By following the model 2 and mathematical description of a neural network, we must find the weights that satisfies the equations:

B1=sigma(A1 * W11 + A2 * W21)
B2=sigma(A1 * W12 + A2 * W22)
C1=sigma(B1*W3 + B2*W4)

where A1 and A2 are the first two numbers and C is the result. I won’t get into details of how to solve these systems because is beyond the knowledge of average current readers, but all you need to know is, after W11, W21, W12, W22, W3 and W4 are found, they represent the memory of our neural network. If instead of A1 and A2 we supply 10 an 21 as inputs, the neural network must return 31 as a result. The neural network has just learned the addition rule!

### Do they work if applied to forex trading?

1. After all, a neural network is the ultimate form of curve fitting. It trades very well if the pattern on which the neural network is trained doesn’t change a bit, but it changes.

2. Neural networks are very good at finding patterns where the human eye can’t but there is simply too much noise on forex market.

3. It needs constant tweaking so it can be able to chase the market, and the tweaking is a laborious process that can take days and a large computing power.

4. The spikes caused by high impact news can kill any neural network because there isn’t any pattern to follow.

5. Trading near support and resistance lines or after high impact news are the only moments when we have a more than 50% chance of success but a neural network can’t spot these points by itself because there is no pattern (a NN can’t interpret the news or where the real resistance and support lines are, it’s much more than simply find the highs and lows).

6. History tends to repeat itself but it repeats a bit different.

Don’t waste your time with them, they are great but not for trading! If you see a sales page advertising them as the forex holy grail, just press the X button located at the right top of the page. Do that and save your money. 🙂

Not yet! 🙂 That would mean to close my main page also, because my new approach to forex trading consists in using neural networks and bayesian filters. 🙂

The catch is that I’m using them properly, solely for classification purposes. They are not trying to identify the pattern by themselves, they are used to filter the patterns I’m feeding them with!
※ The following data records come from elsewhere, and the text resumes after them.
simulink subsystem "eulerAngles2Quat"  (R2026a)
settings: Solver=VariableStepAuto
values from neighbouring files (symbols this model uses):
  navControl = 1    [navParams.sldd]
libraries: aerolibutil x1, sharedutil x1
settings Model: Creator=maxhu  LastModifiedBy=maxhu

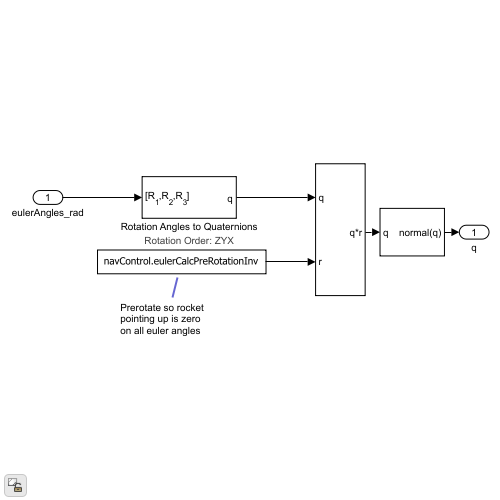
[thumbnail: Simulink's stored preview of the top-level diagram]
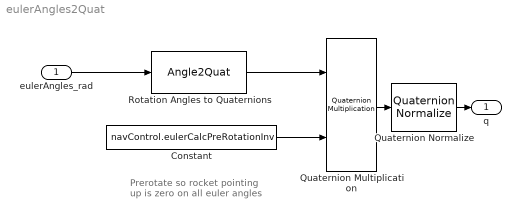
== system eulerAngles2Quat ==
  note: Prerotate so rocket pointing up is zero on all euler angles
  eulerAngles_rad : Inport
  Constant : Constant  Value=navControl.eulerCalcPreRotationInv
  Quaternion Multiplication : aerolibutil/Quaternion Multiplication
  Quaternion Normalize : sharedutil/Quaternion Normalize  aMode=aMode
  Rotation Angles to Quaternions : Angle2Quat
      settings: AttributesFormatString=Rotation Order: %<rotationOrder>
  q : Outport
  wires:
  Constant/1 -> Quaternion Multiplication/2
  eulerAngles_rad/1 -> Rotation Angles to Quaternions/1
  Rotation Angles to Quaternions/1 -> Quaternion Multiplication/1
  Quaternion Normalize/1 -> q/1
  Quaternion Multiplication/1 -> Quaternion Normalize/1

The way I’m using them, they are not trying to extract order out of chaos, but to filter the data I fed them with, the data that are considered to be valid.

I gathered inputs for as many forex robots I could find and selected only the winning trades. Then, I analyzed the market conditions prior to trade opening (volume, volatility, support and resistance points, how close the trade was from a few moving averages, and so on). I have created a pattern of winning conditions, I normalized it and fed the neural networks and bayesian filters with it. The results are great.